Lake Forest, Illinois UFO Sighting (September 19, 1947) — FBI Files
FBI records detail a 1947 investigation in Lake Forest, Illinois, involving allegations of illegal information sales regarding unidentified flying objects.
Background
On September 19, 1947, in Lake Forest, Illinois, U.S. government investigators recorded an unidentified-object incident later released to the public on May 8, 2026, as part of the Presidential Unsealing and Reporting System for UAP Encounters (PURSUE). This specific report emerged during a period of intense national preoccupation with aerial phenomena. The incident is categorized among the first wave of “flying saucer” reports that swept the United States following the Kenneth Arnold sighting in June 1947 and the Roswell incident in July 1947. During this era, the sudden influx of reports regarding metallic, disc-shaped objects created a sense of widespread public and governmental scrutiny.
The geographical context of Lake Forest, situated in the affluent northern suburbs of Chicago, placed this incident within a densely populated region of the American Midwest. At the time, the United States was navigating the early stages of the Cold War, a period characterized by heightened vigilance regarding airspace security and the potential for technological breakthroughs by foreign adversaries. The case was filed with the Federal Bureau of Investigation, whose Knoxville, Albuquerque, Los Angeles, and other field offices routed UFO reports to headquarters under the Bureau’s standing protocols for the protection of vital installations. This administrative structure ensured that any reports potentially involving espionage or threats to national infrastructure were centralized for federal review.
What the document records
The released documentation details an investigation initiated regarding C. Wast Stevens, formerly of Lake Forest, Illinois, concerning a possible violation of law related to “flying discs.” The inquiry was not a direct investigation of a specific aerial sighting, but rather an investigation into the illicit trade of information. A Post Office Inspector requested information from the FBI regarding Stevens’ record and any associated details. This specific inquiry stemmed from allegations that Stevens was engaged in the sale of information pertaining to these unidentified objects.
While the document focuses on the investigation of Stevens and the potential for illegal information dissemination, it does not specify the number of witnesses involved in the underlying sightings. The nature of the investigation suggests that the primary concern for federal authorities at that moment was the unauthorized distribution of data regarding aerial anomalies, rather than the physical identification of the objects themselves.
Type of case
The case is classified as a visual sighting reported by ground or air observers. Such reports were common during the late 1940s, as the proliferation of civilian aviation and improved meteorological monitoring increased the frequency of unidentified aerial observations across the continental United States.
Status
All records released under the PURSUE program are designated unresolved by the All-domain Anomaly Resolution Office (AARO) by default. The federal government has not concluded that the events were anomalous, has not concluded that they were conventional, and has not ruled out either possibility. The investigation into Stevens remains a matter of historical record without a definitive federal conclusion regarding the legitimacy of the objects he was alleged to have documented.

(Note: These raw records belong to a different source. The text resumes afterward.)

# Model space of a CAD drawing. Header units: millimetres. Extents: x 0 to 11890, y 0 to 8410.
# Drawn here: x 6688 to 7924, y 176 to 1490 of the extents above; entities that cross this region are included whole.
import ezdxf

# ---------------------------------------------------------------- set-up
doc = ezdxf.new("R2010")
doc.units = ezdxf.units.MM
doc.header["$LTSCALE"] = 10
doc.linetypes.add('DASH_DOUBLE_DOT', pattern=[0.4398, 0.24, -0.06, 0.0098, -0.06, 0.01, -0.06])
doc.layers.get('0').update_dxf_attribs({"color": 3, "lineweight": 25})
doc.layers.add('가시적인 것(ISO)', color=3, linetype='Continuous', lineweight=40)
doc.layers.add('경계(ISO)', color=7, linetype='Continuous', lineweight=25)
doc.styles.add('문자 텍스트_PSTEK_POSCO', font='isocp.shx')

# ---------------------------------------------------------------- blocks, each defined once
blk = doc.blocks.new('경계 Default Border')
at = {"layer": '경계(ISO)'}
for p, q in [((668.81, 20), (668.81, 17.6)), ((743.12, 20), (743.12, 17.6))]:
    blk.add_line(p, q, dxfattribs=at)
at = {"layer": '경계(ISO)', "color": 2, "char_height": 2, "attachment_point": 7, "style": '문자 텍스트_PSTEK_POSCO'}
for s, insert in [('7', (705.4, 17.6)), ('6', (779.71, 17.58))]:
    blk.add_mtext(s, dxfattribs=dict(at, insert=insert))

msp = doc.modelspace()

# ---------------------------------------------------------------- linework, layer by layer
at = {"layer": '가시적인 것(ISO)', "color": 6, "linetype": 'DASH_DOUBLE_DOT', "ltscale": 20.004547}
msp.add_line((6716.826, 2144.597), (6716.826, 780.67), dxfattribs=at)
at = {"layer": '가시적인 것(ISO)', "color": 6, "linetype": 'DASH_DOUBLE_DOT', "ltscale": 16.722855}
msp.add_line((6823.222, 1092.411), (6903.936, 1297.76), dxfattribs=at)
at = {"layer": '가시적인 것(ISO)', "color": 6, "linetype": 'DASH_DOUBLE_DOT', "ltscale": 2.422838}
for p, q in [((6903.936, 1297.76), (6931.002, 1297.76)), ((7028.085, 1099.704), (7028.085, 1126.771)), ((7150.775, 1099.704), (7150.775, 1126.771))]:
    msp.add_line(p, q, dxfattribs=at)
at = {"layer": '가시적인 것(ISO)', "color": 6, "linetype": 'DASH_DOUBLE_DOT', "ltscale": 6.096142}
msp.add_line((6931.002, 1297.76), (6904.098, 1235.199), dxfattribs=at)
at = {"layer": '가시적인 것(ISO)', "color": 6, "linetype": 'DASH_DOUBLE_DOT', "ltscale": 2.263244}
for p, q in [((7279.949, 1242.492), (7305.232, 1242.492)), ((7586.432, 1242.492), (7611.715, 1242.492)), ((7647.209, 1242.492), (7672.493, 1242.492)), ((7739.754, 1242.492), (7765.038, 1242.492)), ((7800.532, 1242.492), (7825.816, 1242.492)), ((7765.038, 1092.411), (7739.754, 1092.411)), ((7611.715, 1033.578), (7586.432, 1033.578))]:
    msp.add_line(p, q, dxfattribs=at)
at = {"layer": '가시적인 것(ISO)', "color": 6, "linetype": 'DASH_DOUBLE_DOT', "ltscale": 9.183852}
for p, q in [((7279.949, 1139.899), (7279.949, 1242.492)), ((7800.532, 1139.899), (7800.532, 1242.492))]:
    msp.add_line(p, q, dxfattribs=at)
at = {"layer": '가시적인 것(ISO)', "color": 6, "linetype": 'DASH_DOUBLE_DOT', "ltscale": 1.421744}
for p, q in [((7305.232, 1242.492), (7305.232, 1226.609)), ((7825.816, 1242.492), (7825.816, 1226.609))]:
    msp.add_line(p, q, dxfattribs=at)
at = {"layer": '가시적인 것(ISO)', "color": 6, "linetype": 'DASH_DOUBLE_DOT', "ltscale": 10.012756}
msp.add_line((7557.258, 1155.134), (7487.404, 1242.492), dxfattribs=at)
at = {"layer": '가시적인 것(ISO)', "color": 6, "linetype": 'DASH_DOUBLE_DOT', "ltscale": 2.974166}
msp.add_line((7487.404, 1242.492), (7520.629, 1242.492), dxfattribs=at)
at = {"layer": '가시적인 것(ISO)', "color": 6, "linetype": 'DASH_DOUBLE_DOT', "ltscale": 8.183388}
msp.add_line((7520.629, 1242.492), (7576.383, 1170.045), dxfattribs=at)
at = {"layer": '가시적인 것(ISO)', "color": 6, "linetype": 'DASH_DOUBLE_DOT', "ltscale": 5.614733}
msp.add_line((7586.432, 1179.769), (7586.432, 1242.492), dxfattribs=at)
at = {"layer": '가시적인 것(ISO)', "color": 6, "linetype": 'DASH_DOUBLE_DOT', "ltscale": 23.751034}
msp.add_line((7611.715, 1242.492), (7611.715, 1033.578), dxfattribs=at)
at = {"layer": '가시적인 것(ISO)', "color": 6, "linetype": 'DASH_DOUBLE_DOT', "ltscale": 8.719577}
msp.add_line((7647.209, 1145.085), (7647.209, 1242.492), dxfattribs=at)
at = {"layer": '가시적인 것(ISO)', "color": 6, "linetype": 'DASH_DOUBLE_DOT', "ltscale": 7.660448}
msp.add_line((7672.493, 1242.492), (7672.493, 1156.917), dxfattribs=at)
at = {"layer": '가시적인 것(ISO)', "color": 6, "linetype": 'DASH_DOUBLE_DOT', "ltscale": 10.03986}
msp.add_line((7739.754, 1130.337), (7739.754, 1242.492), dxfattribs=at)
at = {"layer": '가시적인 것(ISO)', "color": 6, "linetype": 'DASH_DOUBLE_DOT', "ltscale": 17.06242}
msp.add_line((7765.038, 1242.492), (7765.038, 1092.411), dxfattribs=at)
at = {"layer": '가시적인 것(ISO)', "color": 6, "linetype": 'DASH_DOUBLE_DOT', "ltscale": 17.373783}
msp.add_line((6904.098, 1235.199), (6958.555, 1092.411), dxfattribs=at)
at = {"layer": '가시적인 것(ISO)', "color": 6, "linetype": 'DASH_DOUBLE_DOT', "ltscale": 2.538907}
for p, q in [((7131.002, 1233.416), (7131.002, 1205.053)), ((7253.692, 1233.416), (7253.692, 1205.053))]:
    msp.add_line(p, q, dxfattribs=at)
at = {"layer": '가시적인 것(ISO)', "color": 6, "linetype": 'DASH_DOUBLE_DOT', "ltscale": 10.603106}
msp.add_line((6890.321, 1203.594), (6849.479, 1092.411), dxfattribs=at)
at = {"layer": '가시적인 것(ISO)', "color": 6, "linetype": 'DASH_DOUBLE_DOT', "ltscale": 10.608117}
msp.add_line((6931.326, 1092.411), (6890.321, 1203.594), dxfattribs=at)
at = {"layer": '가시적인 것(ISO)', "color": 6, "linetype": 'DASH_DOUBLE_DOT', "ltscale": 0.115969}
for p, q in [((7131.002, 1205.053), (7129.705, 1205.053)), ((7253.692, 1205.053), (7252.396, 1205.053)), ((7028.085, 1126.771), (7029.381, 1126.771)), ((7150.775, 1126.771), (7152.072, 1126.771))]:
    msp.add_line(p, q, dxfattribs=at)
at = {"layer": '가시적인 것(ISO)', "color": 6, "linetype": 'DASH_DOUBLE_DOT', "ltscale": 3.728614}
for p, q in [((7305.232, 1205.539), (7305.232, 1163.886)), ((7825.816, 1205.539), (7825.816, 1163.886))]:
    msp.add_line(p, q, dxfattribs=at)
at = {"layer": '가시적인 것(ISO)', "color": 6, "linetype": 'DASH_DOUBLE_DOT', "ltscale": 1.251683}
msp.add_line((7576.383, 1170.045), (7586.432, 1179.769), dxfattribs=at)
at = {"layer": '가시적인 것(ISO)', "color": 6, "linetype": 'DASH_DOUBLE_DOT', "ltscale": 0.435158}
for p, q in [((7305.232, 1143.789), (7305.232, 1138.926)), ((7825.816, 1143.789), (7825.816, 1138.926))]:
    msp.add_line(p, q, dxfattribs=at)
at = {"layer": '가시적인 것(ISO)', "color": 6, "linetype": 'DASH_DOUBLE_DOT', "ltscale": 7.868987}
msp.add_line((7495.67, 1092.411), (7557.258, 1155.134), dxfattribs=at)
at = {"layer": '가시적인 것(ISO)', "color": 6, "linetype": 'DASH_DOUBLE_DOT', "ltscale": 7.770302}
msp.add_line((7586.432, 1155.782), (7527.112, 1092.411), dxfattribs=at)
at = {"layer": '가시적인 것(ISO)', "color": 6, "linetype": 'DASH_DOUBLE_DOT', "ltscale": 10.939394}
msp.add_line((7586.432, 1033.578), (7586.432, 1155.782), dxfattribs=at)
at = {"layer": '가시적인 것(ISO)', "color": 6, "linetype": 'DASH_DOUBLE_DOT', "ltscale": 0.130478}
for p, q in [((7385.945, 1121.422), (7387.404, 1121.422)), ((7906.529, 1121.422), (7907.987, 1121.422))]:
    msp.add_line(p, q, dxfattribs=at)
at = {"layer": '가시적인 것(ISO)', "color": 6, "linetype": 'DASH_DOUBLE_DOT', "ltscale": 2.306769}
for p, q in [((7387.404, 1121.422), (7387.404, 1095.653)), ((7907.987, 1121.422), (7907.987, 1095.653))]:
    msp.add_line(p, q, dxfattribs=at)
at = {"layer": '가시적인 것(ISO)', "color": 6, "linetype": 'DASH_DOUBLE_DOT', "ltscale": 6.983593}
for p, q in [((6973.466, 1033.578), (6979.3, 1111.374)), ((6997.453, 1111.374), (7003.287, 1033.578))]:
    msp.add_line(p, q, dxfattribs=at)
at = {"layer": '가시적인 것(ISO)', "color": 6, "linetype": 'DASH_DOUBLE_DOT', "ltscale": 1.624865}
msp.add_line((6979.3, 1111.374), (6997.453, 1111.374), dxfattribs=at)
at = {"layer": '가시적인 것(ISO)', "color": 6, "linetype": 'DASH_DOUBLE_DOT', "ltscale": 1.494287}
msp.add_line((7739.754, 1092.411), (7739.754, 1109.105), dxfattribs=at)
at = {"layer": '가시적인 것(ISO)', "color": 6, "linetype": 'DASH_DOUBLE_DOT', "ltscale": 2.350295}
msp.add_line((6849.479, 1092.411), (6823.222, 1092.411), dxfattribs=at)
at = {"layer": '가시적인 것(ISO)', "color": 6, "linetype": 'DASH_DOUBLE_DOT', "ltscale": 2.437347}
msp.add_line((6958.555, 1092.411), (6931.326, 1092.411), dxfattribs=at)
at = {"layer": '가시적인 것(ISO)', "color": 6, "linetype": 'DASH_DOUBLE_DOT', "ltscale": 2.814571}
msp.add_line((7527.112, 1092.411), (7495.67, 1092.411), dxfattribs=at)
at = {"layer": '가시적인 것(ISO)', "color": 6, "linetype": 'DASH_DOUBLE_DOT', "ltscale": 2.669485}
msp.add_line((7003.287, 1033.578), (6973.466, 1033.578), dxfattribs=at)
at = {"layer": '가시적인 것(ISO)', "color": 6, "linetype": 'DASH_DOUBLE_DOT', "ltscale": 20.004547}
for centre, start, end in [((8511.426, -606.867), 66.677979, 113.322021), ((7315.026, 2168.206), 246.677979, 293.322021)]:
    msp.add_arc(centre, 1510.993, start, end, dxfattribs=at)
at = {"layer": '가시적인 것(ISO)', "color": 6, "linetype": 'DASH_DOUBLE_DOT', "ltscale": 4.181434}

Conventional candidates for sightings of this period include experimental aircraft, weather balloons, particularly the Project Mogul series in the late 1940s, and atmospheric optical phenomena such as sundogs and lenticular clouds. Additionally, astronomical objects including Venus, the Moon, and meteors near the horizon frequently provided explanations for sightings that lacked clear physical evidence. The Lake Forest case remains a significant piece of the broader 1947 phenomenon, highlighting how the era’s preoccupation with unidentified objects extended into the realms of domestic law enforcement and the monitoring of information security.